The darker side of the disaster kicked in as well – the clever kids began to realise a degree would not only saddle them with huge amounts of debt, but there was also no longer any guarantee of a job even if you lasted the course. The best young minds, who should have been heading in that direction, just voted with their feet, went out into the world and got a job.

I am a product of the blue collar world. That was the true betrayal of so much that people such as I and my parents had fought heart and soul for. Higher education has now gone back to being the exclusive milieu of the rich, the well to do upper middles or the smarter examples of the welfare class sharpies who really know how to wank the system.

As the able ones were weeded out by the system, the talentless worked it for all it was worth and not only came out of it clutching a piece of paper that no longer had any real value but gradually became the people actually running what had by now become the dark satanic mills of higher education. It was the final victory of mediocrity. Hail, hail, hosanna in excelsis.
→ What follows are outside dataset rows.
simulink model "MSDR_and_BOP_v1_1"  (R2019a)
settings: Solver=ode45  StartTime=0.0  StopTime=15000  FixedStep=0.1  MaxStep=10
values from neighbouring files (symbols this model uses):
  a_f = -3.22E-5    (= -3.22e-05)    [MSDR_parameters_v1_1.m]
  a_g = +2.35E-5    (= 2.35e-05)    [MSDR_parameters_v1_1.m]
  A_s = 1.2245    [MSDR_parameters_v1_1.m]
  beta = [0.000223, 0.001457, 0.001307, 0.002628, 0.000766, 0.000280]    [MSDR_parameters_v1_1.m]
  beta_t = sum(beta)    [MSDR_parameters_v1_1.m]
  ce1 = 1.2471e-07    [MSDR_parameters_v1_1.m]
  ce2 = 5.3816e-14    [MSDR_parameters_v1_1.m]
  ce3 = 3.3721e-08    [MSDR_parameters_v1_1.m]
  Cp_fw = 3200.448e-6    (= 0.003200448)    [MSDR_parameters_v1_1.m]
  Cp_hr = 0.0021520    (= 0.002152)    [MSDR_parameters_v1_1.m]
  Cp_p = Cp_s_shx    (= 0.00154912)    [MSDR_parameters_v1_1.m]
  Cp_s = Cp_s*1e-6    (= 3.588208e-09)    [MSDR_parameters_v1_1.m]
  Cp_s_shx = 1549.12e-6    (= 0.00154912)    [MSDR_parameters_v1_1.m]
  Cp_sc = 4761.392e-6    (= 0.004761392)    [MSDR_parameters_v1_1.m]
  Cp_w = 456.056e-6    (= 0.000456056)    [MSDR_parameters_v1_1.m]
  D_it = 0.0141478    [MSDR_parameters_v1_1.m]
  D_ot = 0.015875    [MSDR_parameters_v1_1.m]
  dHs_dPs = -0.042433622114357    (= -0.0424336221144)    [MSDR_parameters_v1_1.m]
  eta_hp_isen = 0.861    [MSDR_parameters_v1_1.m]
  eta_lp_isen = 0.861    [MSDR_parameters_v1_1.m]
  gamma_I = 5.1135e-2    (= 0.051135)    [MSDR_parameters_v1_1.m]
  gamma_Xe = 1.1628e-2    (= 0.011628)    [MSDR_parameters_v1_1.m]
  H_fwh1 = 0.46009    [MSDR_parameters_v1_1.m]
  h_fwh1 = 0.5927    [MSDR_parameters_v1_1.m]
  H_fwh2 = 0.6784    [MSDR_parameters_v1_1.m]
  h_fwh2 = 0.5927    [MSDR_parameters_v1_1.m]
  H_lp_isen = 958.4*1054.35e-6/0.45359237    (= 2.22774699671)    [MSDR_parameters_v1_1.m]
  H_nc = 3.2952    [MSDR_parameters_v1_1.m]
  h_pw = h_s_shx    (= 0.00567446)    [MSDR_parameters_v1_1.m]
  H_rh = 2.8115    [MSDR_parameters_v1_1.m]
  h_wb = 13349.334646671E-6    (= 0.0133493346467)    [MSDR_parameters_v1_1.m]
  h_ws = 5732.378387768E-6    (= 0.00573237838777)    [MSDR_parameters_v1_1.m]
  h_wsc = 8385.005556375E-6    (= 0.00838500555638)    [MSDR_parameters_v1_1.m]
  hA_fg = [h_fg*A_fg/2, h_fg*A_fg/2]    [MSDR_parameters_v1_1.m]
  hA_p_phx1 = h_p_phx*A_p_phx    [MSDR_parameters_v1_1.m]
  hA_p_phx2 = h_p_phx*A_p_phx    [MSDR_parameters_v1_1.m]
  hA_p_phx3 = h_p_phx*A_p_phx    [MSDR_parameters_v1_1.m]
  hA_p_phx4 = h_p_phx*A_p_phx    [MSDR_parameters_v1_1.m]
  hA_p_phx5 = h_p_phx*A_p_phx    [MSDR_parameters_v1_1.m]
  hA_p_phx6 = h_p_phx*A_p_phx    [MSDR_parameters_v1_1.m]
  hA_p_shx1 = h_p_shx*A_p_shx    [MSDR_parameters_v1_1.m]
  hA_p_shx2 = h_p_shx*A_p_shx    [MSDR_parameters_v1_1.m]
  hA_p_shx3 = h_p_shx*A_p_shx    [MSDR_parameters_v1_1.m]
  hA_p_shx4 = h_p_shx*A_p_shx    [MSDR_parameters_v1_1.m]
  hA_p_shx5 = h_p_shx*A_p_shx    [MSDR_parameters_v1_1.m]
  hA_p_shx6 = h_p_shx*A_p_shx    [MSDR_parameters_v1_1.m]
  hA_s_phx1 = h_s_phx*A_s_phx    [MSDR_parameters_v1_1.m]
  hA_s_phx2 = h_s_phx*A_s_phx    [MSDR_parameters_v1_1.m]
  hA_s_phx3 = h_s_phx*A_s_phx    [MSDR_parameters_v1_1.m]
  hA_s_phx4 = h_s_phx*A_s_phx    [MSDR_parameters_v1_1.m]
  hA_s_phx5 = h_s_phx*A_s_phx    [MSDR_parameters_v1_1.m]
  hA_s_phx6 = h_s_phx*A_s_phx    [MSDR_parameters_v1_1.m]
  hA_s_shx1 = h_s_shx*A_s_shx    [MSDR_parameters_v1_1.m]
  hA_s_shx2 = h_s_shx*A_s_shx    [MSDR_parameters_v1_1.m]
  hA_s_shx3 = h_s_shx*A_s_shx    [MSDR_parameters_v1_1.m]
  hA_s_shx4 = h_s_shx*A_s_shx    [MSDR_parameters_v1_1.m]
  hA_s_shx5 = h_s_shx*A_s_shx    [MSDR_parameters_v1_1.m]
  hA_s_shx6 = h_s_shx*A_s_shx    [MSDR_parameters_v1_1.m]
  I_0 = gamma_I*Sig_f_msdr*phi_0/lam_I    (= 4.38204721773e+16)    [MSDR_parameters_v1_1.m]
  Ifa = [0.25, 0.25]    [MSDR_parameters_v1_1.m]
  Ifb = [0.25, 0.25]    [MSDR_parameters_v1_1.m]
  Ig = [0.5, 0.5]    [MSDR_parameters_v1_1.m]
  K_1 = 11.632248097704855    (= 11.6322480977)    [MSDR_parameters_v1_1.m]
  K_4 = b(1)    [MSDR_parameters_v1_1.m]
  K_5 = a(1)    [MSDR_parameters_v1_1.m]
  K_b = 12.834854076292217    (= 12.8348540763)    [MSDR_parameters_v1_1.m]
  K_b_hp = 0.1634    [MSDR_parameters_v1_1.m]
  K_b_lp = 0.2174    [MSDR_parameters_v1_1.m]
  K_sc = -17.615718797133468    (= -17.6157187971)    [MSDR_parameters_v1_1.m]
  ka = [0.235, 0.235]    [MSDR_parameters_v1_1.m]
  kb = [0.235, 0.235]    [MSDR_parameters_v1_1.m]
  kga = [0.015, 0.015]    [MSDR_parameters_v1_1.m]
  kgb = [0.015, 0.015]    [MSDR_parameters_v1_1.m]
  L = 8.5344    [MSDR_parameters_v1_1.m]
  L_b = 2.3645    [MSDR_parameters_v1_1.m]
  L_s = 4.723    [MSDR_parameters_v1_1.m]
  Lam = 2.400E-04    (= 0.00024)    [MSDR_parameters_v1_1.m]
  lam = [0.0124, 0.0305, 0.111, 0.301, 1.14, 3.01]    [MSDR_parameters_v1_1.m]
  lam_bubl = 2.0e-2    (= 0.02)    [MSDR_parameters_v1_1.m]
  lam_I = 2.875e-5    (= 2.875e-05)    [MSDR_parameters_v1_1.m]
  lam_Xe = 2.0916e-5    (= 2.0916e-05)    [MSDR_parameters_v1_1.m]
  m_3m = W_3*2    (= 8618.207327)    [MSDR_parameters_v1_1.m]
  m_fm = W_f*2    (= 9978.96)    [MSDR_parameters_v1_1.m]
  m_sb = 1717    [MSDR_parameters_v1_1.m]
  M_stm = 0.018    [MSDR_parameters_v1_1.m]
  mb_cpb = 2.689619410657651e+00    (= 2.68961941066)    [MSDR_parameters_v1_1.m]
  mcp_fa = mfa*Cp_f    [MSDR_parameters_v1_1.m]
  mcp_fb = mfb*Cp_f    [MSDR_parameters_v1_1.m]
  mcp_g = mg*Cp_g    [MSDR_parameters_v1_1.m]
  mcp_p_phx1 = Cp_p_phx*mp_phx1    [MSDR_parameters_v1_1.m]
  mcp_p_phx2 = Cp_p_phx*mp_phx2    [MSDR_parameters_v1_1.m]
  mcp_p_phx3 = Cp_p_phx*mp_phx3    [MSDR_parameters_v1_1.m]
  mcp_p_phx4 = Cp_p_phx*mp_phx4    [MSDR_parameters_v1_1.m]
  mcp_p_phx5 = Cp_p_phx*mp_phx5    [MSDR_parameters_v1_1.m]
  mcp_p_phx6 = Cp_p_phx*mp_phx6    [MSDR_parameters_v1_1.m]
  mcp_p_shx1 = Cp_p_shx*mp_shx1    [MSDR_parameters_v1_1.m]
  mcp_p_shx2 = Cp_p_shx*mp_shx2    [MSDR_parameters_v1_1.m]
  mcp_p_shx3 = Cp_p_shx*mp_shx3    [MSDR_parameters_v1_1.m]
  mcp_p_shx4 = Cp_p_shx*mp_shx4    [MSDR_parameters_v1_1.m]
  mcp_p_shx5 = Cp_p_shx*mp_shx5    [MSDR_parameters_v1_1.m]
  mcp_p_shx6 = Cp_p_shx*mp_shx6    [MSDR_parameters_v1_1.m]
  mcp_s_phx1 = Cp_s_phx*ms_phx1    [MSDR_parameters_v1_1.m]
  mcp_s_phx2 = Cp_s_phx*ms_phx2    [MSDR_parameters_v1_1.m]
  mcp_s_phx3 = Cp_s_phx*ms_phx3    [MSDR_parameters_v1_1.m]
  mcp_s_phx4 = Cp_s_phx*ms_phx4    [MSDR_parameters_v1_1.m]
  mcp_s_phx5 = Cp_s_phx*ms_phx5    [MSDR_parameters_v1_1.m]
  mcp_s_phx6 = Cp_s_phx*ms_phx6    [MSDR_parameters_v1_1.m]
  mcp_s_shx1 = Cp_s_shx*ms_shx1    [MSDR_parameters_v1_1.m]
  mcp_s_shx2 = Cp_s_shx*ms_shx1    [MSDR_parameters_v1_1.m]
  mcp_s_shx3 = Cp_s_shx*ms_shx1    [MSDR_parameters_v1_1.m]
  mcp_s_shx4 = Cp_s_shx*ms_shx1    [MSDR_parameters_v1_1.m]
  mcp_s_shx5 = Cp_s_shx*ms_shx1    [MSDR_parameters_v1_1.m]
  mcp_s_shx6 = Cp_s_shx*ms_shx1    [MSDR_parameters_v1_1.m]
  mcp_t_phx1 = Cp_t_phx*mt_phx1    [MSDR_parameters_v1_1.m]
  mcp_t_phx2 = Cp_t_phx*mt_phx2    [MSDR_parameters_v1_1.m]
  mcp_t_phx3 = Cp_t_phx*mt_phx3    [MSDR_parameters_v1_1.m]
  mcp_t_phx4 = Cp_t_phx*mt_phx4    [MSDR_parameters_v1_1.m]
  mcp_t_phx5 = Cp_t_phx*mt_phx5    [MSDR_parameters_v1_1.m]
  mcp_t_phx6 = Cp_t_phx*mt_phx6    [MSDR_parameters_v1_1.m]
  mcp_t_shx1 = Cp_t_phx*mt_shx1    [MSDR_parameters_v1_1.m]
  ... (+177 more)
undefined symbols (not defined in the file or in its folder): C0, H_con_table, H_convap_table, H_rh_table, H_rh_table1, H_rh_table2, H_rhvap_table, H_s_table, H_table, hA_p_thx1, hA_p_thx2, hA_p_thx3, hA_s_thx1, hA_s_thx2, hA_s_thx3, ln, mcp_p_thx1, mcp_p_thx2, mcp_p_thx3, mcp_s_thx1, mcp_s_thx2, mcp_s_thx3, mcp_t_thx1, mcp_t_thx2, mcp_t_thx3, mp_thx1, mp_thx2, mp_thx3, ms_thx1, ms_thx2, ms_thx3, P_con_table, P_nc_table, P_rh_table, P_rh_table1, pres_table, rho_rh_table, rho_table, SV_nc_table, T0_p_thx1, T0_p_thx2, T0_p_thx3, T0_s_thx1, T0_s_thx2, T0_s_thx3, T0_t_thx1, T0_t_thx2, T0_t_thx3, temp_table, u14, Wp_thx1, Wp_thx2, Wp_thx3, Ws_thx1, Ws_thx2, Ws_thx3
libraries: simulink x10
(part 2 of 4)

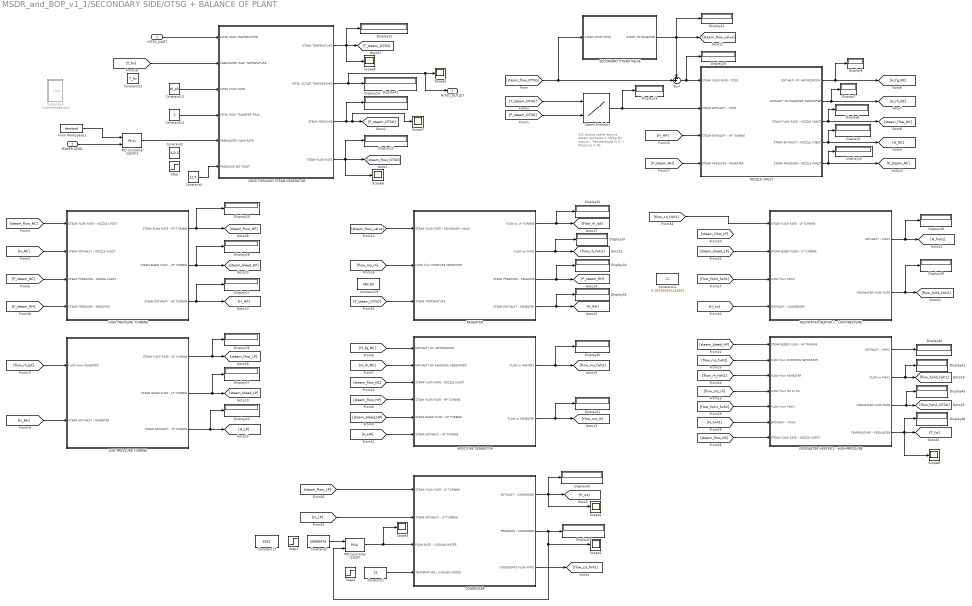
== system MSDR_and_BOP_v1_1/SECONDARY SIDE/OTSG + BALANCE OF PLANT ==
  note: 2-D lookup table returns steam enthalpy in MJ/kg for inputs i. Temperature in C, ii. Pressure in Pa
  HITEC_INLET : Inport
  POWER LEVEL : Inport  Port=2
  CONDENSER : Subsystem
  Constant1 : Constant  Value=15
  Constant11 : Constant  Value=0.160386626432892
  Constant12 : Constant  Value=T_fw
  Constant13 : Constant  Value=W_p0
  Constant14 : Constant
  Constant17 : Constant  Value=2552
  Constant19 : Constant  Value=482.63
  Constant2 : Constant  Value=322.5
  Constant3 : Constant  Value=.00689476
  Constant4 : Constant  Value=12.5
  Display{6..15,26..47} (32 alike) : Display
  FEEDWATER HEATER 1 - LOW-PRESSURE : Subsystem
  FEEDWATER HEATER 2 - HIGH-PRESSURE : Subsystem
  From Workspace1 : FromWorkspace  VariableName=demand  SampleTime=1  Interpolate=off  OutputAfterFinalValue=Holding final value
  HIGH PRESSURE TURBINE : Subsystem
  LOW PRESSURE TURBINE : Subsystem
  MOISTURE SEPARATOR : Subsystem
  NOZZLE CHEST : Subsystem
  ONCE-THROUGH STEAM GENERATOR : Subsystem
  PID Controller (2DOF) : simulink/Continuous/PID Controller (2DOF)  Controller=PI  Form=Ideal  TimeDomain=Continuous-time  SampleTime=-1  IntegratorMethod=Forward Euler  FilterMethod=Forward Euler  ControllerParametersSource=internal  P=-10020.0301151595  I=2.45363177832513  D=1  UseFilter=on  N=100  b=8.59224632013355e-05  c=1  TunerSelectOption=Transfer Function Based (PID Tuner App)  InitialConditionSource=internal  InitialConditionForIntegrator=0  InitialConditionForFilter=0  DifferentiatorICPrevScaledInput=0  ExternalReset=none  TrackingMode=off  Kt=1  LimitOutput=on  UpperSaturationLimit=100000  LowerSaturationLimit=10  LinearizeAsGain=off  AntiWindupMode=none  Kb=1  POutMin=[]  POutMax=[]  IOutMin=[]  IOutMax=[]  DOutMin=[]  DOutMax=[]  NOutMin=[]  NOutMax=[]  bOutMin=[]  bOutMax=[]  cOutMin=[]  cOutMax=[]  SumOutMin=[]  SumOutMax=[]  SaturationOutMin=[]  SaturationOutMax=[]  PParamMin=[]  PParamMax=[]  IParamMin=[]  IParamMax=[]  DParamMin=[]  DParamMax=[]  NParamMin=[]  NParamMax=[]  bParamMin=[]  bParamMax=[]  cParamMin=[]  cParamMax=[]  KbParamMin=[]  KbParamMax=[]  KtParamMin=[]  KtParamMax=[]  KbOutMin=[]  KbOutMax=[]  KtOutMin=[]  KtOutMax=[]  IntegratorOutMin=[]  IntegratorOutMax=[]  FilterOutMin=[]  FilterOutMax=[]  SumI1OutMin=[]  SumI1OutMax=[]  SumI2OutMin=[]  SumI2OutMax=[]  SumI3OutMin=[]  SumI3OutMax=[]  SumI4OutMin=[]  SumI4OutMax=[]  SumDOutMin=[]  SumDOutMax=[]  Sum1OutMin=[]  Sum1OutMax=[]  Sum2OutMin=[]  Sum2OutMax=[]  Sum3OutMin=[]  Sum3OutMax=[]  DifferentiatorOutMin=[]  DifferentiatorOutMax=[]  FilterDiffOutCoefMin=[]  FilterDiffOutCoefMax=[]  ReciprocalOutMin=[]  ReciprocalOutMax=[]  SumDenOutMin=[]  SumDenOutMax=[]  SumNumOutMin=[]  SumNumOutMax=[]  DivideOutMin=[]  DivideOutMax=[]  IntegratorContinuousStateAttributes=''  IntegratorStateMustResolveToSignalObject=off  IntegratorRTWStateStorageClass=Auto  FilterContinuousStateAttributes=''  FilterStateMustResolveToSignalObject=off  FilterRTWStateStorageClass=Auto  ParallelPVariant=Passthrough  IdealPVariant=InternalParameters  IVariant=InternalParameters  DVariant=Disabled  bVariant=InternalParameters  cVariant=Disabled  IntegratorVariant=Continuous  SatVariant=Enabled  AWVariant=Passthrough  PCopyVariant=Disabled  TRVariant=Disabled  FdbkBlocksVariant=Forward  IdealPFdbkVariant=Disabled  SatFdbkVariant=Disabled  DerivativeFilterVariant=Disabled  NVariant=Disabled  NCopyVariant=Disabled_SignalSpec  FilterICVariant=Disabled  IntegratorICVariant=InternalICs  ExternalResetVariant=Disabled  TRSumVariant=Passthrough  SumFdbkVariant=Disabled  SumVariant=Sum_PI
  PID Controller (2DOF)1 : simulink/Continuous/PID Controller (2DOF)  Controller=PI  Form=Parallel  TimeDomain=Continuous-time  SampleTime=-1  IntegratorMethod=Forward Euler  FilterMethod=Forward Euler  ControllerParametersSource=internal  P=250  I=5  D=1  UseFilter=on  N=100  b=1  c=1  TunerSelectOption=Transfer Function Based (PID Tuner App)  InitialConditionSource=internal  InitialConditionForIntegrator=0  InitialConditionForFilter=0  DifferentiatorICPrevScaledInput=0  ExternalReset=none  TrackingMode=off  Kt=1  LimitOutput=on  UpperSaturationLimit=1000000  LowerSaturationLimit=1  LinearizeAsGain=on  AntiWindupMode=none  Kb=1  POutMin=[]  POutMax=[]  IOutMin=[]  IOutMax=[]  DOutMin=[]  DOutMax=[]  NOutMin=[]  NOutMax=[]  bOutMin=[]  bOutMax=[]  cOutMin=[]  cOutMax=[]  SumOutMin=[]  SumOutMax=[]  SaturationOutMin=[]  SaturationOutMax=[]  PParamMin=[]  PParamMax=[]  IParamMin=[]  IParamMax=[]  DParamMin=[]  DParamMax=[]  NParamMin=[]  NParamMax=[]  bParamMin=[]  bParamMax=[]  cParamMin=[]  cParamMax=[]  KbParamMin=[]  KbParamMax=[]  KtParamMin=[]  KtParamMax=[]  KbOutMin=[]  KbOutMax=[]  KtOutMin=[]  KtOutMax=[]  IntegratorOutMin=[]  IntegratorOutMax=[]  FilterOutMin=[]  FilterOutMax=[]  SumI1OutMin=[]  SumI1OutMax=[]  SumI2OutMin=[]  SumI2OutMax=[]  SumI3OutMin=[]  SumI3OutMax=[]  SumI4OutMin=[]  SumI4OutMax=[]  SumDOutMin=[]  SumDOutMax=[]  Sum1OutMin=[]  Sum1OutMax=[]  Sum2OutMin=[]  Sum2OutMax=[]  Sum3OutMin=[]  Sum3OutMax=[]  DifferentiatorOutMin=[]  DifferentiatorOutMax=[]  FilterDiffOutCoefMin=[]  FilterDiffOutCoefMax=[]  ReciprocalOutMin=[]  ReciprocalOutMax=[]  SumDenOutMin=[]  SumDenOutMax=[]  SumNumOutMin=[]  SumNumOutMax=[]  DivideOutMin=[]  DivideOutMax=[]  IntegratorContinuousStateAttributes=''  IntegratorStateMustResolveToSignalObject=off  IntegratorRTWStateStorageClass=Auto  FilterContinuousStateAttributes=''  FilterStateMustResolveToSignalObject=off  FilterRTWStateStorageClass=Auto  ParallelPVariant=InternalParameters  IdealPVariant=Disabled  IVariant=InternalParameters  DVariant=Disabled  bVariant=InternalParameters  cVariant=Disabled  IntegratorVariant=Continuous  SatVariant=Enabled  AWVariant=Passthrough  PCopyVariant=Disabled  TRVariant=Disabled  FdbkBlocksVariant=Forward  IdealPFdbkVariant=Disabled  SatFdbkVariant=Disabled  DerivativeFilterVariant=Disabled  NVariant=Disabled  NCopyVariant=Disabled_SignalSpec  FilterICVariant=Disabled  IntegratorICVariant=InternalICs  ExternalResetVariant=Disabled  TRSumVariant=Passthrough  SumFdbkVariant=Disabled  SumVariant=Sum_PI
  REHEATER : Subsystem
  SECONDARY STEAM VALVE : Subsystem
  Scope{1..8} (8 alike) : Scope
  Steam Enthalpy : Lookup_n-D  BreakpointsForDimension1=temp_table  BreakpointsForDimension2=pres_table  Table=H_s_table  DiagnosticForOutOfRangeInput=Warning  InternalRulePriority=Speed  RndMeth=Simplest  InputSameDT=on
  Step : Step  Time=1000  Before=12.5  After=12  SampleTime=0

Satan Mekratrig and his fellow fallen seraphim are now in charge of Heaven. No more laying about the burning marl casting baleful looks around, they now owned the bitch’s ass and would shape its buttocks to their comfortable egalitarian ends. From now on, there would always be an official position on anything – and one and only one position by the way, or else your ass was about to become grass as well. Gradually, any dissent from the official position was punished and compliance to it rewarded by tossing the children a sprat, as if to a performing seal every time it acted as you demanded it should do. Leap, fish, leap, leap, fish, fish. Slap, slap. Leap, fish and keep on leaping.

They now leap on demand when there isn’t even the prospect of a fish in sight.

That sort of basic conditioning has by now been going on for nearly two decades and we’re so often listening to the witless cyborgs produced by it who are under the delusion they’ve had an education. I read a dissertation recently which earned a First and was appalled. Truly, madly and desperately appalled. It was like reading a dreary and rather uninspired grocery list.

All is consensus, nothing is conviction. In place of some understanding or genuine insight, we now have nothing more than convention, a bit of safe politically sexy posturing. In place of some gutsy conviction intellectualism, we now have oily Uriah Heep conformity and all the marginally smarter bunnies in the system know that’s exactly the successful game to play nowadays, and they’re of course right. Just do your porridge and get out of there with that employable degree box tickable on your résumé.

All balance has been lost, there is no dissent allowed over anything. It’s a monolith, a one party state, a one think, one viewpoint, one permissible opinion, a North Korea of the free intellect and since there’s no credible opposition surviving within the institution to somehow regain some equilibrium, the list to port now threatens to capsize the whole damn ship.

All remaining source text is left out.